The Series A-2 Preferred Stock warrants were valued using a Monte-Carlo valuation method and recorded as preferred warrant liability within other non-current liabilities on the consolidated balance sheet. Changes in fair value are recognized through earnings within other income (expense), net on the consolidated and combined statements of operations and comprehensive loss.
The following is a roll forward of the fair value of the Series A-2 Preferred Stock warrants for the periods from January 1, 2022 through December 20, 2022 (Predecessor), December 21, 2022 through December 31,2022 (Successor) and for the year ended December 31, 2023:
Balance on January 1, 2022 (Predecessor)
$
—
Issuance of preferred stock warrants at fair value on December 21, 2022 (Successor)
2,974,409
Change in fair value
—
Balance on December 31, 2022 (Successor)
2,974,409
Change in fair value
608,531
Balance on December 31, 2023
$
3,582,940
NOTE 15. SALE OF BUSINESS UNIT
On December 1, 2023, the Company completed a sale of its subsidiary in Slovakia along with certain employees from India. Total proceeds received from the sale amounted to $1.3 million.
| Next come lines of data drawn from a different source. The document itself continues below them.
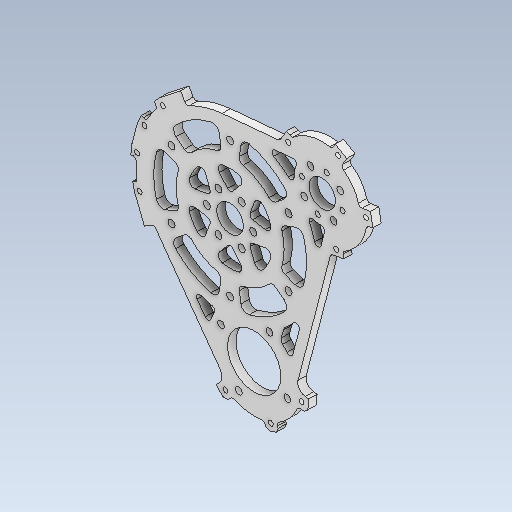
# Autodesk Inventor part: motor_h_1
Saved by Autodesk Inventor 2020 (Build 240168000, 168)
## iProperties
Created: 2020-07-14
Part Number: motor_h_1
Material: ABS Plastic
Document SubType Name: Modeling
Designer: psrobotics
Density: 1.06 g/cm^3
Appearance: Smooth - White
Author: psrobotics
Autodesk Inventor part; units mm, degrees
(part 1 of 3)
ref_plane "YZ Plane" through (0, 0, 0) normal (1, 0, 0) x (0, 1, 0)
ref_plane "XZ Plane" through (0, 0, 0) normal (0, 1, 0) x (-1, 0, 0)
ref_plane "XY Plane" through (0, 0, 0) normal (0, 0, 1) x (1, 0, 0)
sketch "Sketch1" plane through (0, 0, 0) normal (0, 0, 1) x (1, 0, 0)
  circle A0 centre (13.3039, -43.7854) radius 2.1 projected
  circle A1 centre (31.1494, -18.2994) radius 2.1 projected
  line L0 (8.7569, -41.0332) -> (9.9725, -47.9268) projected
  line L1 (12.5142, -47.4787) -> (9.9725, -47.9268) projected
  line L2 (17.8509, -46.5376) -> (12.5142, -47.4787) projected
  line L3 (17.2063, -42.8816) -> (17.8509, -46.5376) projected
  arc A2 (17.2063, -42.8816) -> (25.3756, -36.4162) centre (4.8498, -18.875) ccw projected
  arc A3 (25.3756, -36.4162) -> (28.3534, -32.1635) centre (4.8498, -18.875) ccw projected
  arc A4 (28.3534, -32.1635) -> (31.6348, -22.2755) centre (4.8498, -18.875) ccw projected
  line L4 (31.6348, -22.2755) -> (35.2909, -21.6308) projected
  line L5 (35.2909, -21.6308) -> (34.3498, -16.2941) projected
  line L6 (34.3498, -16.2941) -> (33.9017, -13.7524) projected
  line L7 (33.9017, -13.7524) -> (27.008, -14.9679) projected
  arc A5 (8.7569, -41.0332) -> (27.008, -14.9679) centre (4.8498, -18.875) ccw projected
  circle A6 centre (14.3857, 5.6417) radius 2.1 projected
  circle A7 centre (-15.6668, -2.4109) radius 2.1 projected
  line L8 (16.0998, 0.6106) -> (19.5998, 6.6727) projected
  line L9 (17.3647, 7.9632) -> (19.5998, 6.6727) projected
  line L10 (12.6716, 10.6727) -> (17.3647, 7.9632) projected
  line L11 (10.8154, 7.4577) -> (12.6716, 10.6727) projected
  arc A8 (10.8154, 7.4577) -> (0.4014, 7.756) centre (4.8498, -18.875) ccw projected
  arc A9 (0.4014, 7.756) -> (-4.6132, 6.4123) centre (4.8498, -18.875) ccw projected
  arc A10 (-4.6132, 6.4123) -> (-13.4829, 0.947) centre (4.8498, -18.875) ccw projected
  line L12 (-13.4829, 0.947) -> (-16.6979, 2.8032) projected
  line L13 (-16.6979, 2.8032) -> (-19.4075, -1.8899) projected
  line L14 (-19.4075, -1.8899) -> (-20.6979, -4.125) projected
  line L15 (-20.6979, -4.125) -> (-14.6357, -7.625) projected
  arc A11 (16.0998, 0.6106) -> (-14.6357, -7.625) centre (4.8498, -18.875) ccw projected
  circle A12 centre (-102.1649, -37.0532) radius 2.05 projected
  circle A13 centre (-91.1309, -21.0881) radius 2.05 projected
  circle A14 centre (-106.5395, -53.3794) radius 2.05 projected
  circle A15 centre (-104.9663, -72.7226) radius 2.05 projected
  line L16 (-76.835, -14.1568) -> (-80.3713, -8.0318) projected
  line L17 (-92.9509, -17.9357) -> (-80.3713, -8.0318) projected
  arc A16 (-92.9509, -17.9357) -> (-96.423, -21.7867) centre (-50.585, -59.6232) ccw projected
  line L18 (-95.6743, -22.4047) -> (-96.423, -21.7867) projected
  arc A17 (-95.3624, -25.1669) -> (-95.6743, -22.4047) centre (-96.9475, -23.9472) ccw projected
  arc A18 (-95.3624, -25.1669) -> (-100.1355, -32.4754) centre (-50.585, -59.6232) ccw projected
  arc A19 (-102.79, -33.3003) -> (-100.1355, -32.4754) centre (-101.8895, -31.5145) ccw projected
  line L19 (-103.9829, -32.6988) -> (-102.79, -33.3003) projected
  arc A20 (-103.9829, -32.6988) -> (-106.5047, -38.4279) centre (-50.585, -59.6232) ccw projected
  line L20 (-106.5047, -38.4279) -> (-109.6106, -50.019) projected
  arc A21 (-109.6106, -50.019) -> (-110.2911, -56.2415) centre (-50.585, -59.6232) ccw projected
  line L21 (-110.2911, -56.2415) -> (-108.9573, -56.317) projected
  arc A22 (-107.0709, -58.3586) -> (-108.9573, -56.317) centre (-109.0704, -58.3138) ccw projected
  arc A23 (-107.0709, -58.3586) -> (-106.5915, -67.0745) centre (-50.585, -59.6232) ccw projected
  arc A24 (-108.2427, -69.3107) -> (-106.5915, -67.0745) centre (-108.5741, -67.3383) ccw projected
  line L22 (-108.2427, -69.3107) -> (-109.2001, -69.4715) projected
  arc A25 (-109.2001, -69.4715) -> (-108.1187, -74.5427) centre (-50.585, -59.6232) ccw projected
  line L23 (-108.1187, -74.5427) -> (-102.1764, -89.4094) projected
  line L24 (-102.1764, -89.4094) -> (-96.0514, -85.8732) projected
  arc A26 (-76.835, -14.1568) -> (-96.0514, -85.8732) centre (-50.585, -59.6232) ccw projected
  line L25 (-21.6241, -154.5886) -> (-22.8103, -157.1563) projected
  line L26 (-21.6241, -154.5886) -> (-22.0027, -153.56) projected
  arc A27 (-21.1722, -151.1649) -> (-22.0027, -153.56) centre (-20.1257, -152.8693) ccw projected
  arc A28 (-21.1722, -151.1649) -> (-16.425, -147.5113) centre (-36.0848, -126.8778) ccw projected
  arc A29 (-16.425, -147.5113) -> (-12.2385, -142.4856) centre (-36.0848, -126.8778) ccw projected
  arc A30 (-12.2385, -142.4856) -> (-10.1895, -138.7808) centre (-36.0848, -126.8778) ccw projected
  arc A31 (-8.179, -137.6255) -> (-10.1895, -138.7808) centre (-8.3723, -139.6161) ccw projected
  line L27 (-8.179, -137.6255) -> (-6.0033, -137.8368) projected
  line L28 (-3.8193, -136.0394) -> (-6.0033, -137.8368) projected
  line L29 (-3.8193, -136.0394) -> (-3.2394, -130.0675) projected
  line L30 (-11.2019, -129.2943) -> (-3.2394, -130.0675) projected
  arc A32 (-53.4647, -144.8483) -> (-11.2019, -129.2943) centre (-36.0848, -126.8778) ccw projected
  line L31 (-53.4647, -144.8483) -> (-59.0263, -150.5988) projected
  line L32 (-59.0263, -150.5988) -> (-54.7134, -154.77) projected
  line L33 (-51.8854, -154.7228) -> (-54.7134, -154.77) projected
  line L34 (-51.8854, -154.7228) -> (-50.3657, -153.1515) projected
  arc A33 (-48.0859, -152.7278) -> (-50.3657, -153.1515) centre (-48.9281, -154.5419) ccw projected
  arc A34 (-48.0859, -152.7278) -> (-44.1241, -154.2204) centre (-36.0848, -126.8778) ccw projected
  arc A35 (-44.1241, -154.2204) -> (-37.6784, -155.3332) centre (-36.0848, -126.8778) ccw projected
  arc A36 (-37.6784, -155.3332) -> (-31.6953, -155.0377) centre (-36.0848, -126.8778) ccw projected
  arc A37 (-29.5104, -156.3231) -> (-31.6953, -155.0377) centre (-31.3873, -157.0139) ccw projected
  line L35 (-29.5104, -156.3231) -> (-29.1318, -157.3516) projected
  line L36 (-26.5641, -158.5378) -> (-29.1318, -157.3516) projected
  line L37 (-26.5641, -158.5378) -> (-22.8103, -157.1563) projected
  circle A38 centre (-53.3702, -150.5044) radius 2.05 projected
  circle A39 centre (-26.0687, -154.0932) radius 2.05 projected
  circle A40 centre (-7.6073, -133.6622) radius 2.05 projected
  circle A41 centre (4.8498, -18.875) radius 22.5
  circle A42 centre (-50.585, -59.6232) radius 52.5
  circle A43 centre (-36.0848, -126.8778) radius 25
  circle A44 centre (14.3857, 5.6417) radius 2.1 projected
  line L38 (-50.585, -59.6232) -> (-93.2051, -90.2791)
  line L39 (-36.0848, -126.8778) -> (-56.3801, -141.4758)
  line L40 (-56.3801, -141.4758) -> (-93.2051, -90.2791)
  line L41 (-50.585, -59.6232) -> (-55.4348, -7.3477)
  line L42 (-55.4348, -7.3477) -> (-20.6979, -4.125)
  line L43 (-11.2019, -129.2943) -> (9.9725, -47.9268)
  point P0 (0, 0)
  dimension "d2" = 50
  dimension "d0" = 45
  dimension "d1" = 105
  constraints: 12 end point, 3 coincident, 3 perpendicular, 2 centre point, 2 point on circle, 3 other
  measures "d0" diameter of A41
  measures "d1" diameter of A42
extrude "Extrusion4" add sketch "Sketch1" along normal blind 5 contours A0 | A1 | A5 L7 L6 L5 L4 A4 A3 A2 L3 L2 L1 L0 | A41 A42 A11 A5 | L0 L43 A43 A42 A41 | A42 A43 L38 L41 A41 | A41 A42 | L30 L29 L28 L27 A31 A30 A29 A28 A27 L26 L25 L37 L36 L35 A37 A36 A35 A34 A33 L34 L33 L32 L31 A32 | A32 A43 A42 | A42 L42 L15 A41 | A11 L15 L14 L13 L12 A10 A9 A8 L11 L10 L9 L8 | L41 L38 A42 A26 | A42 A43 | L40 A42 A43 | A26 L24 L23 A25 L22 A24 A23 A22 L21 A21 L20 A20 L19 A19 A18 A17 L18 A16 L17 L16 | A6 | A7 | A12 | A13 | A14 | A15 | A38 | A39 | A40
sketch "Sketch5" plane through (0, 0, 5) normal (0, 0, 1) x (1, 0, 0)
  circle A0 centre (-26.0687, -154.0932) radius 2.05 projected
  circle A1 centre (-53.3702, -150.5044) radius 2.05 projected
  circle A2 centre (-7.6073, -133.6622) radius 2.05 projected
  circle A3 centre (13.3039, -43.7854) radius 2.1 projected
  circle A4 centre (31.1494, -18.2994) radius 2.1 projected
  circle A5 centre (14.3857, 5.6417) radius 2.1 projected
  circle A6 centre (-15.6668, -2.4109) radius 2.1 projected
  circle A7 centre (-91.1309, -21.0881) radius 2.05 projected
  circle A8 centre (-102.1649, -37.0532) radius 2.05 projected
  circle A9 centre (-106.5395, -53.3794) radius 2.05 projected
  circle A10 centre (-104.9663, -72.7226) radius 2.05 projected
  point P0 (0, 0)
hole "Hole2" at (31.1494, -18.2994, 5) at (13.3039, -43.7854, 5) at (-15.6668, -2.4109, 5) at (14.3857, 5.6417, 5) at (-91.1309, -21.0881, 5) at (-102.1649, -37.0532, 5) at (-106.5395, -53.3794, 5) at (-104.9663, -72.7226, 5) at (-53.3702, -150.5044, 5) at (-26.0687, -154.0932, 5) at (-7.6073, -133.6622, 5) direction (0, 0, -1) diameter 3 depth 17
sketch "Sketch6" plane through (0, 0, 5) normal (0, 0, 1) x (1, 0, 0)
  circle A0 centre (-50.585, -59.6232) radius 50 projected
  circle A1 centre (-50.585, -59.6232) radius 5.075 projected
  circle A2 centre (4.8498, -18.875) radius 4.075 projected
  circle A3 centre (4.8498, -18.875) radius 8
  circle A4 centre (-50.585, -59.6232) radius 8
  point P0 (0, 0)
  dimension "d30" = 16
  dimension "d31" = 16
  constraints: 2 centre point, 2 coincident
  measures "d30" diameter of A3
  measures "d31" diameter of A4
extrude "Extrusion5" cut sketch "Sketch6" against normal blind 5 contours A1 | A2 | A3 | A4
sketch "Sketch7" plane through (0, 0, 5) normal (0, 0, 1) x (1, 0, 0)
  circle A0 centre (-36.0848, -126.8778) radius 17.5 projected
  circle A1 centre (-43.7823, -118.4013) radius 2.075 projected
  circle A2 centre (-28.3873, -135.3543) radius 2.075 projected
  circle A3 centre (-27.6083, -119.1803) radius 2.075 projected
  circle A4 centre (-44.5613, -134.5753) radius 2.075 projected
  circle A5 centre (-36.0848, -126.8778) radius 16
  point P0 (0, 0)
  dimension "d34" = 32
  constraints: 1 centre point, 1 coincident
  measures "d34" diameter of A5
extrude "Extrusion6" cut sketch "Sketch7" against normal blind 5 contours A1 | A2 | A3 | A4 | A5
fillet "Fillet6" radius 5 1 edges at (-11.2019, -129.2943, 2.5)
fillet "Fillet7" radius 6 1 edges at (-53.4647, -144.8483, 2.5)
sketch "Sketch8" plane through (0, 0, 5) normal (0, 0, 1) x (1, 0, 0)
  circle A0 centre (-36.0848, -126.8778) radius 16 projected
  circle A1 centre (-50.585, -59.6232) radius 8 projected
  circle A2 centre (4.8498, -18.875) radius 8 projected
  circle A3 centre (-26.0687, -154.0932) radius 1.5 projected
  circle A4 centre (-104.9663, -72.7226) radius 1.5 projected
  circle A5 centre (-102.1649, -37.0532) radius 1.5 projected
  circle A6 centre (14.3857, 5.6417) radius 1.5 projected
  circle A7 centre (13.3039, -43.7854) radius 1.5 projected
  circle A8 centre (31.1494, -18.2994) radius 1.5 projected
  circle A9 centre (-15.6668, -2.4109) radius 1.5 projected
  circle A10 centre (-91.1309, -21.0881) radius 1.5 projected
  circle A11 centre (-106.5395, -53.3794) radius 1.5 projected
  circle A12 centre (-53.3702, -150.5044) radius 1.5 projected
  circle A13 centre (-7.6073, -133.6622) radius 1.5 projected
  line L0 (-9.7265, -123.6247) -> (9.9725, -47.9268) projected
  line L1 (9.9725, -47.9268) -> (17.8509, -46.5376) projected
  line L2 (17.8509, -46.5376) -> (17.2063, -42.8816) projected
  arc A14 (17.2063, -42.8816) -> (31.6348, -22.2755) centre (4.8498, -18.875) ccw projected
  line L3 (31.6348, -22.2755) -> (35.2909, -21.6308) projected
  line L4 (35.2909, -21.6308) -> (33.9017, -13.7524) projected
  line L5 (33.9017, -13.7524) -> (27.008, -14.9679) projected
  arc A15 (27.008, -14.9679) -> (16.0998, 0.6106) centre (4.8498, -18.875) ccw projected
  line L6 (16.0998, 0.6106) -> (19.5998, 6.6727) projected
  line L7 (19.5998, 6.6727) -> (12.6716, 10.6727) projected
  line L8 (12.6716, 10.6727) -> (10.8154, 7.4577) projected
  arc A16 (10.8154, 7.4577) -> (-13.4829, 0.947) centre (4.8498, -18.875) ccw projected
  line L9 (-13.4829, 0.947) -> (-16.6979, 2.8032) projected
  line L10 (-16.6979, 2.8032) -> (-20.6979, -4.125) projected
  line L11 (-20.6979, -4.125) -> (-55.4348, -7.3477) projected
  arc A17 (-55.4348, -7.3477) -> (-76.835, -14.1568) centre (-50.585, -59.6232) ccw projected
  line L12 (-76.835, -14.1568) -> (-80.3713, -8.0318) projected
  line L13 (-80.3713, -8.0318) -> (-92.9509, -17.9357) projected
  arc A18 (-92.9509, -17.9357) -> (-96.423, -21.7867) centre (-50.585, -59.6232) ccw projected
  line L14 (-96.423, -21.7867) -> (-95.6743, -22.4047) projected
  arc A19 (-95.3624, -25.1669) -> (-95.6743, -22.4047) centre (-96.9475, -23.9472) ccw projected
  arc A20 (-95.3624, -25.1669) -> (-100.1355, -32.4754) centre (-50.585, -59.6232) ccw projected
  arc A21 (-102.79, -33.3003) -> (-100.1355, -32.4754) centre (-101.8895, -31.5145) ccw projected
  line L15 (-102.79, -33.3003) -> (-103.9829, -32.6988) projected
  arc A22 (-103.9829, -32.6988) -> (-106.5047, -38.4279) centre (-50.585, -59.6232) ccw projected
  line L16 (-106.5047, -38.4279) -> (-109.6106, -50.019) projected
  arc A23 (-109.6106, -50.019) -> (-110.2911, -56.2415) centre (-50.585, -59.6232) ccw projected
  line L17 (-110.2911, -56.2415) -> (-108.9573, -56.317) projected
  arc A24 (-107.0709, -58.3586) -> (-108.9573, -56.317) centre (-109.0704, -58.3138) ccw projected
  arc A25 (-107.0709, -58.3586) -> (-106.5915, -67.0745) centre (-50.585, -59.6232) ccw projected
  arc A26 (-108.2427, -69.3107) -> (-106.5915, -67.0745) centre (-108.5741, -67.3383) ccw projected
  line L18 (-108.2427, -69.3107) -> (-109.2001, -69.4715) projected
  arc A27 (-109.2001, -69.4715) -> (-108.1187, -74.5427) centre (-50.585, -59.6232) ccw projected
  line L19 (-108.1187, -74.5427) -> (-102.1764, -89.4094) projected
  line L20 (-102.1764, -89.4094) -> (-96.0514, -85.8732) projected
  arc A28 (-96.0514, -85.8732) -> (-93.2051, -90.2791) centre (-50.585, -59.6232) ccw projected
  line L21 (-93.2051, -90.2791) -> (-56.6733, -141.0681) projected
  arc A29 (-57.2313, -148.7428) -> (-56.6733, -141.0681) centre (-61.5442, -144.5716) ccw projected
  line L22 (-57.2313, -148.7428) -> (-59.0263, -150.5988) projected
  line L23 (-59.0263, -150.5988) -> (-54.7134, -154.77) projected
  line L24 (-54.7134, -154.77) -> (-51.8854, -154.7228) projected
  line L25 (-51.8854, -154.7228) -> (-50.3657, -153.1515) projected
  arc A30 (-48.0859, -152.7278) -> (-50.3657, -153.1515) centre (-48.9281, -154.5419) ccw projected
  arc A31 (-48.0859, -152.7278) -> (-31.6953, -155.0377) centre (-36.0848, -126.8778) ccw projected
  arc A32 (-29.5104, -156.3231) -> (-31.6953, -155.0377) centre (-31.3873, -157.0139) ccw projected
  line L26 (-29.5104, -156.3231) -> (-29.1318, -157.3516) projected
  line L27 (-29.1318, -157.3516) -> (-26.5641, -158.5378) projected
  line L28 (-26.5641, -158.5378) -> (-22.8103, -157.1563) projected
  line L29 (-22.8103, -157.1563) -> (-21.6241, -154.5886) projected
  line L30 (-21.6241, -154.5886) -> (-22.0027, -153.56) projected
  arc A33 (-21.1722, -151.1649) -> (-22.0027, -153.56) centre (-20.1257, -152.8693) ccw projected
  arc A34 (-21.1722, -151.1649) -> (-10.1895, -138.7808) centre (-36.0848, -126.8778) ccw projected
  arc A35 (-8.179, -137.6255) -> (-10.1895, -138.7808) centre (-8.3723, -139.6161) ccw projected
  line L31 (-8.179, -137.6255) -> (-6.0033, -137.8368) projected
  line L32 (-6.0033, -137.8368) -> (-3.8193, -136.0394) projected
  line L33 (-3.8193, -136.0394) -> (-3.2394, -130.0675) projected
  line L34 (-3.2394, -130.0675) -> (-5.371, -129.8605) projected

The Company derecognized net assets of $0.1 million and recognized a pre-tax gain on the sale in the amount of $1.2 million which is reported within other income (expense), net on the consolidated and combined statements of operations and comprehensive loss.
36
AMELIA HOLDINGS, INC. AND SUBSIDIARIES
NOTES TO CONSOLIDATED AND COMBINED FINANCIAL STATEMENTS
NOTE 16. SUBSEQUENT EVENTS
In accordance with ASC 855, Subsequent Events, the Company evaluated subsequent events through October 22, 2024, the date these consolidated financial statements were available to be issued.
The Company utilized its Delayed Draw Term Loan Facility (Note 6) through March 31, 2024 and drew down on the facility in the amount of $6.0 million.
In January 2024, the Company instituted and adopted the 2024 Equity Incentive Plan (the 2024 Plan) whereby the Company may grant equity-based incentive awards to its employees, directors and consultants pursuant to the 2024 Plan. A total of 22,470,959 shares of the Company’s Class A Common Stock is reserved for sale and issuance under the 2024 Plan. In April 2024, pursuant to the 2024 Plan, the Company issued options to purchase 12,301,329 shares of the Common A shares of the Company with a strike price of $0.40 per share, and four-year vesting.
On June 30, 2024, the CVR was converted to 3,765,280 shares of Series A-4 Preferred Stock.
On August 6, 2024, SoundHound AI, Inc. (“SoundHound”) completed its acquisition of all the issued and outstanding shares of the Company pursuant to the stock purchase agreement by and among SoundHound, IPSoft Global Holdings, Inc., and BuildGroup, LLC. As a result of the acquisition, awards granted under the 2024 Plan were cancelled in exchange for no consideration.
Concurrent with the acquisition, the Company entered into a Second Amendment to the Monroe Credit Agreement and SoundHound paid $70 million to retire a majority of the Monroe Term Loan leaving a remaining balance of $39.69 million with a maturity date of June 30, 2026.